The trio of bare bulbs that dangled from the ceiling of the cellar did little to banish the shadows. Along the far wall, the stack of silver kegs gleamed dully. Behind her was the door to the cold room, where the kegs that fed the taps upstairs were kept.
She opened the door to the cold room and stepped inside with an involuntary shiver. Temperatures that were perfect for keeping beer icy cold weren’t quite comfortable if you were hanging out in a miniskirt and thong. The sealed door thudded shut behind her. Even though she knew it had an inside release, it always gave her the willies to be stuck inside what was essentially a walk-in refrigerator.

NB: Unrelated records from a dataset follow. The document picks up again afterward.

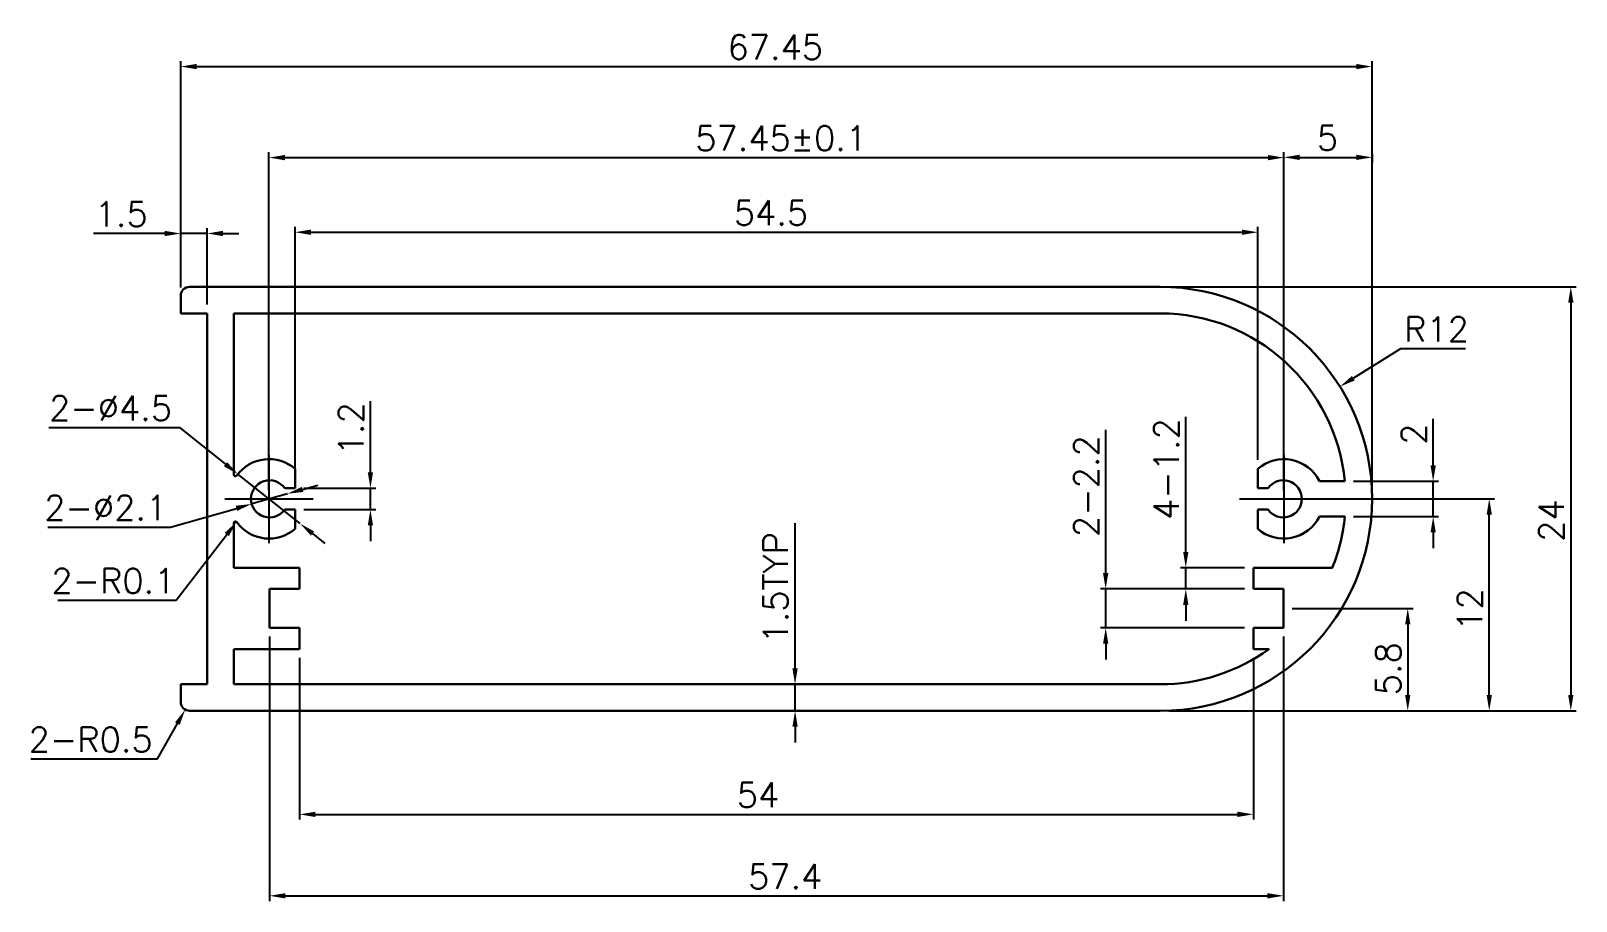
# Model space of a CAD drawing. Header units: millimetres. Extents: x 216.6 to 304.1, y 265.1 to 314.4.
import ezdxf

# ---------------------------------------------------------------- set-up
doc = ezdxf.new("R2010")
doc.units = ezdxf.units.MM
doc.header["$LTSCALE"] = 0.5
doc.linetypes.add('CENTER', pattern=[50.8, 31.75, -6.35, 6.35, -6.35])
doc.layers.get('0').update_dxf_attribs({"lineweight": 25})
doc.layers.add('中心线', color=1, linetype='CENTER')
doc.layers.add('图层1', color=7, linetype='Continuous', lineweight=20)
doc.styles.get("Standard").update_dxf_attribs({"font": 'txt.shx'})
doc.dimstyles.new('比例2-1', dxfattribs={"dimtxt": 1.4, "dimasz": 0.9, "dimexe": 0.3, "dimexo": 0.5, "dimgap": 0.4, "dimtad": 1, "dimdsep": 46, "dimtxsty": 'Standard', "dimcen": 0, "dimclrd": 5, "dimclre": 5, "dimadec": 3, "dimazin": 2, "dimtfac": 1, "dimtmove": 0, "dimatfit": 3, "dimfxl": 0, "dimarcsym": 0})
doc.dimstyles.new('比例2-1$3', dxfattribs={"dimtxt": 1.4, "dimasz": 0.9, "dimexe": 0.3, "dimexo": 0.5, "dimgap": 0.4, "dimtad": 1, "dimtih": 1, "dimtoh": 1, "dimdsep": 46, "dimtxsty": 'Standard', "dimcen": 0, "dimclrd": 5, "dimclre": 5, "dimadec": 3, "dimazin": 2, "dimtfac": 1, "dimtmove": 0, "dimatfit": 3, "dimfxl": 0, "dimarcsym": 0})
doc.dimstyles.new('比例2-1$4', dxfattribs={"dimtxt": 1.4, "dimasz": 0.9, "dimexe": 0.3, "dimexo": 0.5, "dimgap": 0.4, "dimtad": 1, "dimtih": 1, "dimtoh": 1, "dimdsep": 46, "dimtxsty": 'Standard', "dimcen": 0, "dimclrd": 5, "dimclre": 5, "dimadec": 3, "dimazin": 2, "dimtfac": 1, "dimtofl": 0, "dimtmove": 0, "dimatfit": 3, "dimfxl": 0, "dimarcsym": 0})

# ---------------------------------------------------------------- blocks, each defined once
blk = doc.blocks.new('*D11')
at = {"layer": 'Defpoints', "color": 0, "lineweight": 30}
for p in [(225.349, 275.925), (225.593, 276.361)]:
    blk.add_point(p, dxfattribs=at)
at = {"layer": '图层1', "color": 5, "lineweight": -2}
for p, q in [((223.782, 273.135), (224.908, 275.14)), ((216.615, 273.135), (223.782, 273.135))]:
    blk.add_line(p, q, dxfattribs=at)
at = {"layer": '图层1', "color": 5, "lineweight": 30}
blk.add_solid([(224.777, 275.213), (225.039, 275.067), (225.349, 275.925)], dxfattribs=at)
at = {"layer": '图层1', "color": 0, "insert": (219.998, 274.235), "char_height": 1.4, "attachment_point": 5}
blk.add_mtext('2-R0.5', dxfattribs=at)
blk = doc.blocks.new('*D12')
at = {"layer": 'Defpoints', "color": 0, "lineweight": 30}
for p in [(292.538, 312.335), (225.093, 299.332), (292.538, 287.861)]:
    blk.add_point(p, dxfattribs=at)
at = {"layer": '图层1', "color": 5, "lineweight": -2}
for p, q in [((225.093, 299.832), (225.093, 312.635)), ((225.993, 312.335), (291.638, 312.335)), ((292.538, 288.361), (292.538, 312.635))]:
    blk.add_line(p, q, dxfattribs=at)
at = {"layer": '图层1', "color": 5, "lineweight": 30}
for points in [[(225.993, 312.485), (225.993, 312.185), (225.093, 312.335)], [(291.638, 312.485), (291.638, 312.185), (292.538, 312.335)]]:
    blk.add_solid(points, dxfattribs=at)
at = {"layer": '图层1', "color": 0, "insert": (258.754, 313.435), "char_height": 1.4, "attachment_point": 5}
blk.add_mtext('67.45', dxfattribs=at)
blk = doc.blocks.new('*D5')
at = {"layer": 'Defpoints', "color": 0, "lineweight": 30}
for p in [(287.516, 281.661), (281.163, 275.861), (294.556, 275.861)]:
    blk.add_point(p, dxfattribs=at)
at = {"layer": '图层1', "color": 5, "lineweight": -2}
for p, q in [((288.016, 281.661), (294.856, 281.661)), ((294.556, 280.761), (294.556, 276.761)), ((281.663, 275.861), (294.856, 275.861))]:
    blk.add_line(p, q, dxfattribs=at)
at = {"layer": '图层1', "color": 5, "lineweight": 30}
for points in [[(294.406, 280.761), (294.706, 280.761), (294.556, 281.661)], [(294.406, 276.761), (294.706, 276.761), (294.556, 275.861)]]:
    blk.add_solid(points, dxfattribs=at)
at = {"layer": '图层1', "color": 0, "insert": (293.456, 278.243), "char_height": 1.4, "attachment_point": 5, "rotation": 90}
blk.add_mtext('5.8', dxfattribs=at)
blk = doc.blocks.new('*D13')
at = {"layer": 'Defpoints', "color": 0, "lineweight": 30}
for p in [(230.116, 280.561), (287.516, 280.561), (287.516, 265.389)]:
    blk.add_point(p, dxfattribs=at)
at = {"layer": '图层1', "color": 5, "lineweight": -2}
for p, q in [((230.116, 280.061), (230.116, 265.089)), ((287.516, 280.061), (287.516, 265.089)), ((231.016, 265.389), (286.616, 265.389))]:
    blk.add_line(p, q, dxfattribs=at)
at = {"layer": '图层1', "color": 5, "lineweight": 30}
for points in [[(231.016, 265.539), (231.016, 265.239), (230.116, 265.389)], [(286.616, 265.539), (286.616, 265.239), (287.516, 265.389)]]:
    blk.add_solid(points, dxfattribs=at)
at = {"layer": '图层1', "color": 0, "insert": (259.314, 266.489), "char_height": 1.4, "attachment_point": 5}
blk.add_mtext('57.4', dxfattribs=at)
blk = doc.blocks.new('*D6')
at = {"layer": 'Defpoints', "color": 0, "lineweight": 30}
for p in [(287.538, 307.179), (230.093, 287.861), (287.538, 287.861)]:
    blk.add_point(p, dxfattribs=at)
at = {"layer": '图层1', "color": 5, "lineweight": -2}
for p, q in [((230.093, 288.361), (230.093, 307.479)), ((230.993, 307.179), (286.638, 307.179)), ((287.538, 288.361), (287.538, 307.479))]:
    blk.add_line(p, q, dxfattribs=at)
at = {"layer": '图层1', "color": 5, "lineweight": 30}
for points in [[(230.993, 307.329), (230.993, 307.029), (230.093, 307.179)], [(286.638, 307.329), (286.638, 307.029), (287.538, 307.179)]]:
    blk.add_solid(points, dxfattribs=at)
at = {"layer": '图层1', "color": 0, "insert": (259.089, 308.279), "char_height": 1.4, "attachment_point": 5}
blk.add_mtext('57.45±0.1', dxfattribs=at)
blk = doc.blocks.new('*D7')
at = {"layer": 'Defpoints', "color": 0, "lineweight": 30}
for p in [(231.816, 279.361), (285.816, 279.361), (285.816, 270)]:
    blk.add_point(p, dxfattribs=at)
at = {"layer": '图层1', "color": 5, "lineweight": -2}
for p, q in [((231.816, 278.861), (231.816, 269.7)), ((285.816, 278.861), (285.816, 269.7)), ((232.716, 270), (284.916, 270))]:
    blk.add_line(p, q, dxfattribs=at)
at = {"layer": '图层1', "color": 5, "lineweight": 30}
for points in [[(232.716, 270.15), (232.716, 269.85), (231.816, 270)], [(284.916, 270.15), (284.916, 269.85), (285.816, 270)]]:
    blk.add_solid(points, dxfattribs=at)
at = {"layer": '图层1', "color": 0, "insert": (257.775, 271.1), "char_height": 1.4, "attachment_point": 5}
blk.add_mtext('54', dxfattribs=at)
blk = doc.blocks.new('*D8')
at = {"layer": 'Defpoints', "color": 0, "lineweight": 30}
for p in [(225.093, 302.885), (225.093, 299.861), (226.593, 298.361)]:
    blk.add_point(p, dxfattribs=at)
at = {"layer": '图层1', "color": 5, "lineweight": -2}
for p, q in [((224.193, 302.885), (220.16, 302.885)), ((225.093, 300.361), (225.093, 303.185)), ((226.593, 302.885), (225.093, 302.885)), ((226.593, 298.861), (226.593, 303.185)), ((227.493, 302.885), (228.393, 302.885))]:
    blk.add_line(p, q, dxfattribs=at)
at = {"layer": '图层1', "color": 5, "lineweight": 30}
for points in [[(224.193, 303.035), (224.193, 302.735), (225.093, 302.885)], [(227.493, 303.035), (227.493, 302.735), (226.593, 302.885)]]:
    blk.add_solid(points, dxfattribs=at)
at = {"layer": '图层1', "color": 0, "insert": (221.727, 303.985), "char_height": 1.4, "attachment_point": 5}
blk.add_mtext('1.5', dxfattribs=at)
blk = doc.blocks.new('*D9')
at = {"layer": 'Defpoints', "color": 0, "lineweight": 30}
for p in [(231.566, 288.461), (235.834, 288.461), (231.566, 287.261)]:
    blk.add_point(p, dxfattribs=at)
at = {"layer": '图层1', "color": 5, "lineweight": -2}
for p, q in [((235.834, 289.361), (235.834, 293.394)), ((232.066, 288.461), (236.134, 288.461)), ((235.834, 287.261), (235.834, 288.461)), ((232.066, 287.261), (236.134, 287.261)), ((235.834, 286.361), (235.834, 285.461))]:
    blk.add_line(p, q, dxfattribs=at)
at = {"layer": '图层1', "color": 5, "lineweight": 30}
for points in [[(235.684, 289.361), (235.984, 289.361), (235.834, 288.461)], [(235.684, 286.361), (235.984, 286.361), (235.834, 287.261)]]:
    blk.add_solid(points, dxfattribs=at)
at = {"layer": '图层1', "color": 0, "insert": (234.734, 291.827), "char_height": 1.4, "attachment_point": 5, "rotation": 90}
blk.add_mtext('1.2', dxfattribs=at)
blk = doc.blocks.new('*D3')
at = {"layer": 'Defpoints', "color": 0, "lineweight": 30}
for p in [(292.538, 307.877), (292.538, 307.194), (287.538, 304.441)]:
    blk.add_point(p, dxfattribs=at)
at = {"layer": '图层1', "color": 5, "lineweight": -2}
for p, q in [((287.538, 304.941), (287.538, 307.494)), ((288.438, 307.194), (291.638, 307.194)), ((292.538, 307.377), (292.538, 306.894))]:
    blk.add_line(p, q, dxfattribs=at)
at = {"layer": '图层1', "color": 5, "lineweight": 30}
for points in [[(288.438, 307.344), (288.438, 307.044), (287.538, 307.194)], [(291.638, 307.344), (291.638, 307.044), (292.538, 307.194)]]:
    blk.add_solid(points, dxfattribs=at)
at = {"layer": '图层1', "color": 0, "insert": (290.014, 308.294), "char_height": 1.4, "attachment_point": 5}
blk.add_mtext('5', dxfattribs=at)
blk = doc.blocks.new('*D4')
at = {"layer": 'Defpoints', "color": 0, "lineweight": 30}
for p in [(287.538, 287.861), (299.171, 287.861), (280.538, 275.861)]:
    blk.add_point(p, dxfattribs=at)
at = {"layer": '图层1', "color": 5, "lineweight": -2}
for p, q in [((288.038, 287.861), (299.471, 287.861)), ((299.171, 276.761), (299.171, 286.961)), ((281.038, 275.861), (299.471, 275.861))]:
    blk.add_line(p, q, dxfattribs=at)
at = {"layer": '图层1', "color": 5, "lineweight": 30}
for points in [[(299.021, 286.961), (299.321, 286.961), (299.171, 287.861)], [(299.021, 276.761), (299.321, 276.761), (299.171, 275.861)]]:
    blk.add_solid(points, dxfattribs=at)
at = {"layer": '图层1', "color": 0, "insert": (298.071, 281.596), "char_height": 1.4, "attachment_point": 5, "rotation": 90}
blk.add_mtext('12', dxfattribs=at)
blk = doc.blocks.new('*D10')
at = {"layer": 'Defpoints', "color": 0, "lineweight": 30}
for p in [(286.066, 302.955), (286.066, 289.562), (231.566, 289.011)]:
    blk.add_point(p, dxfattribs=at)
at = {"layer": '图层1', "color": 5, "lineweight": -2}
for p, q in [((231.566, 289.511), (231.566, 303.255)), ((232.466, 302.955), (285.166, 302.955)), ((286.066, 290.062), (286.066, 303.255))]:
    blk.add_line(p, q, dxfattribs=at)
at = {"layer": '图层1', "color": 5, "lineweight": 30}
for points in [[(232.466, 303.105), (232.466, 302.805), (231.566, 302.955)], [(285.166, 303.105), (285.166, 302.805), (286.066, 302.955)]]:
    blk.add_solid(points, dxfattribs=at)
at = {"layer": '图层1', "color": 0, "insert": (258.513, 304.055), "char_height": 1.4, "attachment_point": 5}
blk.add_mtext('54.5', dxfattribs=at)
blk = doc.blocks.new('*D14')
at = {"layer": 'Defpoints', "color": 0, "lineweight": 30}
for p in [(228.333, 289.262), (231.853, 286.459)]:
    blk.add_point(p, dxfattribs=at)
at = {"layer": '图层1', "color": 5, "lineweight": -2}
for p, q in [((217.625, 291.897), (225.025, 291.897)), ((225.025, 291.897), (227.629, 289.823)), ((231.853, 286.459), (228.333, 289.262)), ((232.558, 285.898), (233.262, 285.338))]:
    blk.add_line(p, q, dxfattribs=at)
at = {"layer": '图层1', "color": 5, "lineweight": 30}
for points in [[(227.723, 289.94), (227.536, 289.706), (228.333, 289.262)], [(232.651, 286.016), (232.464, 285.781), (231.853, 286.459)]]:
    blk.add_solid(points, dxfattribs=at)
at = {"layer": '图层1', "color": 0, "lineweight": 30, "insert": (221.125, 292.997), "char_height": 1.4, "attachment_point": 5}
blk.add_mtext('2-∅4.5', dxfattribs=at)
blk = doc.blocks.new('*D15')
at = {"layer": 'Defpoints', "color": 0, "lineweight": 30}
for p in [(231.131, 288.149), (229.112, 287.572)]:
    blk.add_point(p, dxfattribs=at)
at = {"layer": '图层1', "color": 5, "lineweight": -2}
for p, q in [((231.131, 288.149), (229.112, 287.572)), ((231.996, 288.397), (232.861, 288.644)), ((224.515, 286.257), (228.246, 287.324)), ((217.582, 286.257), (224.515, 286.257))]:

The faster she finished this job, the better, she thought, staring at the neat row of kegs with vacuum lines snaking up through the ceiling. At least they kept a couple of spares in the cold room for easy access. Pulling the tap off the old keg with swift efficiency, she rolled the new keg into place and hooked it up.
Shivering, Mallory stepped outside and stared at the wall of kegs. Now for the ugly part—wrestling a new keg into the cold room. It was her strict policy that anyone who changed out a keg always put a new one in. You never knew how much beer you were going to go through in a night, and nothing pissed customers off more than warm beer. She kicked her heels off and cursed as her bare feet hit the chilly floor.
Then a noise behind her had her whirling with a gasp.